BEGIN
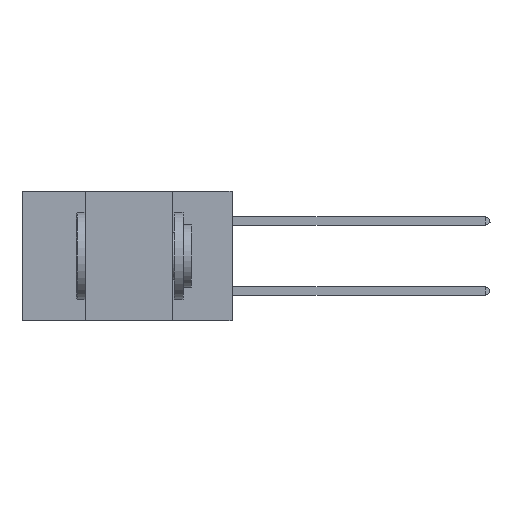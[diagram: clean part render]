
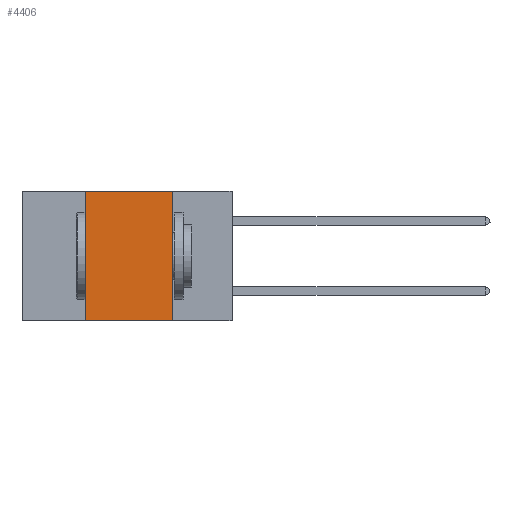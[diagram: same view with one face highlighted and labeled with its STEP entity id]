
A CAD part, left-side view. The second image highlights one B-rep face of the part: STEP entity #4406.
In plain terms, the highlighted planar face has unit normal (-1, 0, 0).
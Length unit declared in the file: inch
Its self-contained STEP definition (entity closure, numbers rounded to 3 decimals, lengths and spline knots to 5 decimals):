
#326 = VERTEX_POINT ( 'NONE', #8595 ) ;
#1123 = CARTESIAN_POINT ( 'NONE',  ( 0., 0.17, -0.37 ) ) ;
#3281 = DIRECTION ( 'NONE',  ( 0., 0., 1. ) ) ;
#4406 = ADVANCED_FACE ( 'NONE', ( #39472 ), #41736, .F. ) ;
#4556 = EDGE_LOOP ( 'NONE', ( #36754, #30553, #40900, #30455 ) ) ;
#4846 = LINE ( 'NONE', #29451, #15347 ) ;
#5816 = CARTESIAN_POINT ( 'NONE',  ( 0., 0.6, -0.37 ) ) ;
#6283 = DIRECTION ( 'NONE',  ( 0., 0., -1. ) ) ;
#8527 = CARTESIAN_POINT ( 'NONE',  ( 0., 0.17, 0. ) ) ;
#8595 = CARTESIAN_POINT ( 'NONE',  ( 0., 0.42, 0. ) ) ;
#10886 = DIRECTION ( 'NONE',  ( 0., -1., 0. ) ) ;
#11622 = VERTEX_POINT ( 'NONE', #35244 ) ;
#11874 = LINE ( 'NONE', #27501, #14482 ) ;
#12367 = EDGE_CURVE ( 'NONE', #38467, #27145, #4846, .T. ) ;
#14070 = VECTOR ( 'NONE', #36222, 39.37008 ) ;
#14482 = VECTOR ( 'NONE', #10886, 39.37008 ) ;
#15347 = VECTOR ( 'NONE', #6283, 39.37008 ) ;
#17008 = EDGE_CURVE ( 'NONE', #326, #38467, #11874, .T. ) ;
#18513 = VECTOR ( 'NONE', #3281, 39.37008 ) ;
#21799 = CARTESIAN_POINT ( 'NONE',  ( 0., 0.6, 0. ) ) ;
#22451 = EDGE_CURVE ( 'NONE', #11622, #27145, #27744, .T. ) ;
#25483 = DIRECTION ( 'NONE',  ( 1., 0., 0. ) ) ;
#27145 = VERTEX_POINT ( 'NONE', #1123 ) ;
#27501 = CARTESIAN_POINT ( 'NONE',  ( 0., 0.6, 0. ) ) ;
#27744 = LINE ( 'NONE', #5816, #14070 ) ;
#29451 = CARTESIAN_POINT ( 'NONE',  ( 0., 0.17, 0. ) ) ;
#29868 = AXIS2_PLACEMENT_3D ( 'NONE', #21799, #25483, #31541 ) ;
#30455 = ORIENTED_EDGE ( 'NONE', *, *, #22451, .T. ) ;
#30553 = ORIENTED_EDGE ( 'NONE', *, *, #17008, .F. ) ;
#31541 = DIRECTION ( 'NONE',  ( 0., 0., -1. ) ) ;
#31679 = EDGE_CURVE ( 'NONE', #11622, #326, #35925, .T. ) ;
#35244 = CARTESIAN_POINT ( 'NONE',  ( 0., 0.42, -0.37 ) ) ;
#35925 = LINE ( 'NONE', #40177, #18513 ) ;
#36222 = DIRECTION ( 'NONE',  ( 0., -1., 0. ) ) ;
#36754 = ORIENTED_EDGE ( 'NONE', *, *, #12367, .F. ) ;
#38467 = VERTEX_POINT ( 'NONE', #8527 ) ;
#39472 = FACE_OUTER_BOUND ( 'NONE', #4556, .T. ) ;
#40177 = CARTESIAN_POINT ( 'NONE',  ( 0., 0.42, 0. ) ) ;
#40900 = ORIENTED_EDGE ( 'NONE', *, *, #31679, .F. ) ;
#41736 = PLANE ( 'NONE',  #29868 ) ;
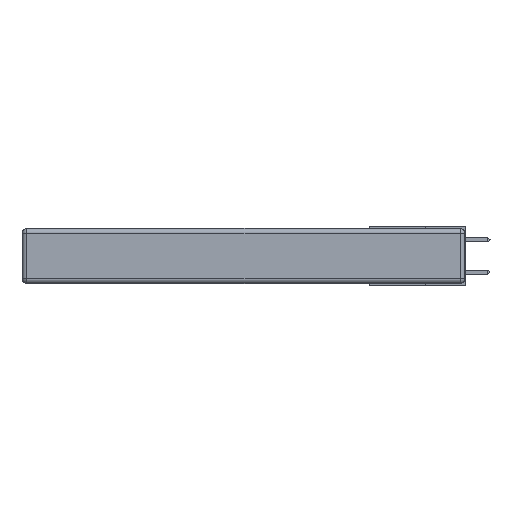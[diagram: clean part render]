
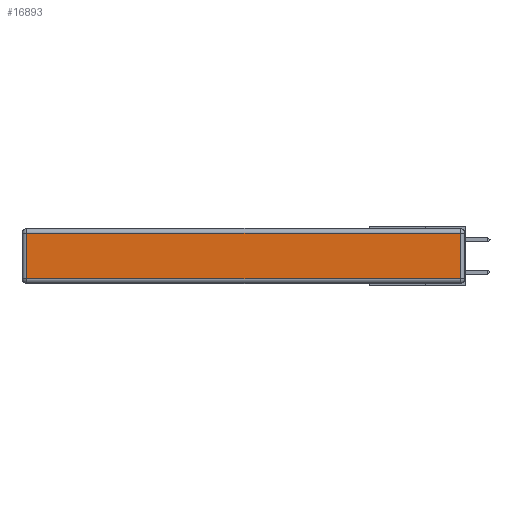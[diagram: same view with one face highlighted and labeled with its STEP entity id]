
A CAD part, left-side view. The second image highlights one B-rep face of the part: STEP entity #16893.
In plain terms, the highlighted planar face has unit normal (-1, 0, 0).
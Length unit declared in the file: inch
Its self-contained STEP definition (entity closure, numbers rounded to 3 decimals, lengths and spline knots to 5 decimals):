
#227 = LINE ( 'NONE', #8030, #10530 ) ;
#350 = VERTEX_POINT ( 'NONE', #10796 ) ;
#778 = FACE_OUTER_BOUND ( 'NONE', #10558, .T. ) ;
#1466 = ORIENTED_EDGE ( 'NONE', *, *, #5469, .T. ) ;
#1547 = EDGE_CURVE ( 'NONE', #21802, #9220, #21246, .T. ) ;
#1982 = EDGE_CURVE ( 'NONE', #350, #21802, #15309, .T. ) ;
#3000 = DIRECTION ( 'NONE',  ( 0., 0., -1. ) ) ;
#3271 = EDGE_CURVE ( 'NONE', #9220, #8665, #18230, .T. ) ;
#3990 = CARTESIAN_POINT ( 'NONE',  ( 0., 0.03, -0.343 ) ) ;
#4395 = DIRECTION ( 'NONE',  ( 0., -1., 0. ) ) ;
#4678 = AXIS2_PLACEMENT_3D ( 'NONE', #16086, #5475, #10565 ) ;
#5469 = EDGE_CURVE ( 'NONE', #8665, #350, #227, .T. ) ;
#5475 = DIRECTION ( 'NONE',  ( -1., 0., 0. ) ) ;
#5792 = ORIENTED_EDGE ( 'NONE', *, *, #3271, .T. ) ;
#6019 = CARTESIAN_POINT ( 'NONE',  ( 0., 0.03, -0.03 ) ) ;
#7677 = CARTESIAN_POINT ( 'NONE',  ( 0., 0., -0.313 ) ) ;
#7982 = DIRECTION ( 'NONE',  ( 0., 1., 0. ) ) ;
#8030 = CARTESIAN_POINT ( 'NONE',  ( 0., 2.72, -0.343 ) ) ;
#8273 = VECTOR ( 'NONE', #4395, 39.37008 ) ;
#8665 = VERTEX_POINT ( 'NONE', #16442 ) ;
#9220 = VERTEX_POINT ( 'NONE', #6019 ) ;
#10530 = VECTOR ( 'NONE', #3000, 39.37008 ) ;
#10558 = EDGE_LOOP ( 'NONE', ( #16928, #21344, #5792, #1466 ) ) ;
#10565 = DIRECTION ( 'NONE',  ( 0., 0., 1. ) ) ;
#10796 = CARTESIAN_POINT ( 'NONE',  ( 0., 2.72, -0.313 ) ) ;
#14355 = DIRECTION ( 'NONE',  ( 0., 0., 1. ) ) ;
#15309 = LINE ( 'NONE', #7677, #8273 ) ;
#16086 = CARTESIAN_POINT ( 'NONE',  ( 0., 0., -0.343 ) ) ;
#16442 = CARTESIAN_POINT ( 'NONE',  ( 0., 2.72, -0.03 ) ) ;
#16529 = CARTESIAN_POINT ( 'NONE',  ( 0., 2.75, -0.03 ) ) ;
#16893 = ADVANCED_FACE ( 'NONE', ( #778 ), #21022, .T. ) ;
#16928 = ORIENTED_EDGE ( 'NONE', *, *, #1982, .T. ) ;
#18230 = LINE ( 'NONE', #16529, #20146 ) ;
#19052 = CARTESIAN_POINT ( 'NONE',  ( 0., 0.03, -0.313 ) ) ;
#20146 = VECTOR ( 'NONE', #7982, 39.37008 ) ;
#21022 = PLANE ( 'NONE',  #4678 ) ;
#21246 = LINE ( 'NONE', #3990, #22371 ) ;
#21344 = ORIENTED_EDGE ( 'NONE', *, *, #1547, .T. ) ;
#21802 = VERTEX_POINT ( 'NONE', #19052 ) ;
#22371 = VECTOR ( 'NONE', #14355, 39.37008 ) ;
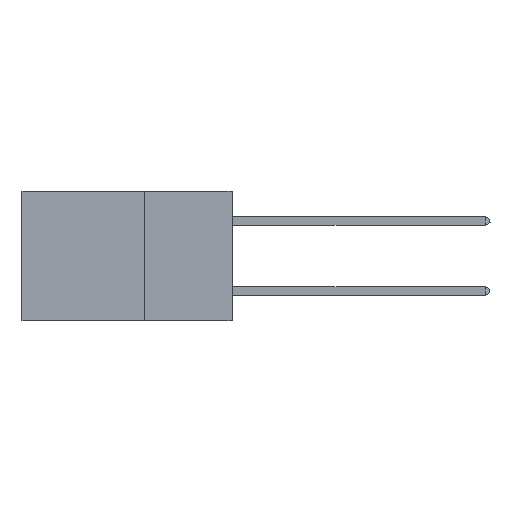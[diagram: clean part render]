
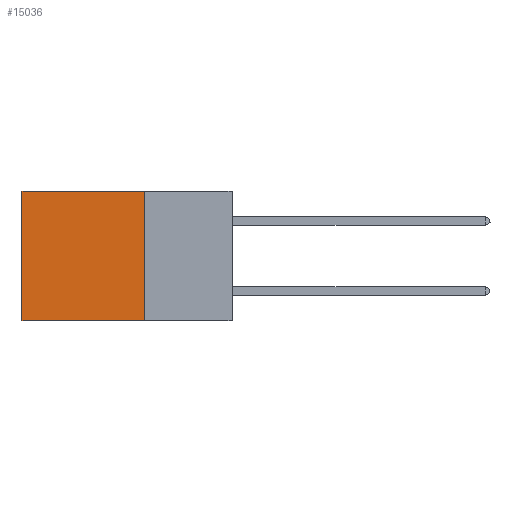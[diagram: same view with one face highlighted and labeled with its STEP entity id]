
A CAD part, left-side view. The second image highlights one B-rep face of the part: STEP entity #15036.
In plain terms, the highlighted planar face has unit normal (-1, 0, 0).
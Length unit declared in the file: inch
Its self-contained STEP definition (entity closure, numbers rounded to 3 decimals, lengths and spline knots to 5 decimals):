
#1091 = DIRECTION ( 'NONE',  ( 0., 0., -1. ) ) ;
#1875 = FACE_OUTER_BOUND ( 'NONE', #37114, .T. ) ;
#3276 = EDGE_CURVE ( 'NONE', #29907, #19200, #29236, .T. ) ;
#4127 = CARTESIAN_POINT ( 'NONE',  ( 0.2875, 0.6, 0. ) ) ;
#5185 = CARTESIAN_POINT ( 'NONE',  ( 0.2875, 0.25, 0. ) ) ;
#8521 = DIRECTION ( 'NONE',  ( 0., 0., -1. ) ) ;
#8998 = VERTEX_POINT ( 'NONE', #4127 ) ;
#13254 = VECTOR ( 'NONE', #8521, 39.37008 ) ;
#13949 = DIRECTION ( 'NONE',  ( 1., 0., 0. ) ) ;
#14362 = CARTESIAN_POINT ( 'NONE',  ( 0.2875, 0.25, 0. ) ) ;
#15036 = ADVANCED_FACE ( 'NONE', ( #1875 ), #28844, .F. ) ;
#16043 = CARTESIAN_POINT ( 'NONE',  ( 0.2875, 0.25, 0. ) ) ;
#16633 = LINE ( 'NONE', #16043, #22770 ) ;
#16964 = CARTESIAN_POINT ( 'NONE',  ( 0.2875, 0.25, 0. ) ) ;
#17154 = DIRECTION ( 'NONE',  ( 0., 1., 0. ) ) ;
#18406 = CARTESIAN_POINT ( 'NONE',  ( 0.2875, 0.25, -0.37 ) ) ;
#19200 = VERTEX_POINT ( 'NONE', #39204 ) ;
#19400 = LINE ( 'NONE', #31684, #38621 ) ;
#20487 = VERTEX_POINT ( 'NONE', #5185 ) ;
#21776 = ORIENTED_EDGE ( 'NONE', *, *, #24109, .T. ) ;
#22770 = VECTOR ( 'NONE', #25490, 39.37008 ) ;
#23410 = LINE ( 'NONE', #14362, #13254 ) ;
#24109 = EDGE_CURVE ( 'NONE', #8998, #19200, #19400, .T. ) ;
#25490 = DIRECTION ( 'NONE',  ( 0., 1., 0. ) ) ;
#28844 = PLANE ( 'NONE',  #37696 ) ;
#29236 = LINE ( 'NONE', #39066, #34739 ) ;
#29623 = EDGE_CURVE ( 'NONE', #20487, #8998, #16633, .T. ) ;
#29907 = VERTEX_POINT ( 'NONE', #18406 ) ;
#31632 = EDGE_CURVE ( 'NONE', #20487, #29907, #23410, .T. ) ;
#31684 = CARTESIAN_POINT ( 'NONE',  ( 0.2875, 0.6, 0. ) ) ;
#32948 = ORIENTED_EDGE ( 'NONE', *, *, #3276, .F. ) ;
#33570 = ORIENTED_EDGE ( 'NONE', *, *, #29623, .T. ) ;
#34676 = ORIENTED_EDGE ( 'NONE', *, *, #31632, .F. ) ;
#34739 = VECTOR ( 'NONE', #17154, 39.37008 ) ;
#35869 = DIRECTION ( 'NONE',  ( 0., 0., -1. ) ) ;
#37114 = EDGE_LOOP ( 'NONE', ( #21776, #32948, #34676, #33570 ) ) ;
#37696 = AXIS2_PLACEMENT_3D ( 'NONE', #16964, #13949, #1091 ) ;
#38621 = VECTOR ( 'NONE', #35869, 39.37008 ) ;
#39066 = CARTESIAN_POINT ( 'NONE',  ( 0.2875, 0.25, -0.37 ) ) ;
#39204 = CARTESIAN_POINT ( 'NONE',  ( 0.2875, 0.6, -0.37 ) ) ;
END
» Work required
Set down, word for word, the line that contains "#34739 = VECTOR" and all lines after it up to the end of the listing.

» Exercise response
#34739 = VECTOR ( 'NONE', #17154, 39.37008 ) ;
#35869 = DIRECTION ( 'NONE',  ( 0., 0., -1. ) ) ;
#37114 = EDGE_LOOP ( 'NONE', ( #21776, #32948, #34676, #33570 ) ) ;
#37696 = AXIS2_PLACEMENT_3D ( 'NONE', #16964, #13949, #1091 ) ;
#38621 = VECTOR ( 'NONE', #35869, 39.37008 ) ;
#39066 = CARTESIAN_POINT ( 'NONE',  ( 0.2875, 0.25, -0.37 ) ) ;
#39204 = CARTESIAN_POINT ( 'NONE',  ( 0.2875, 0.6, -0.37 ) ) ;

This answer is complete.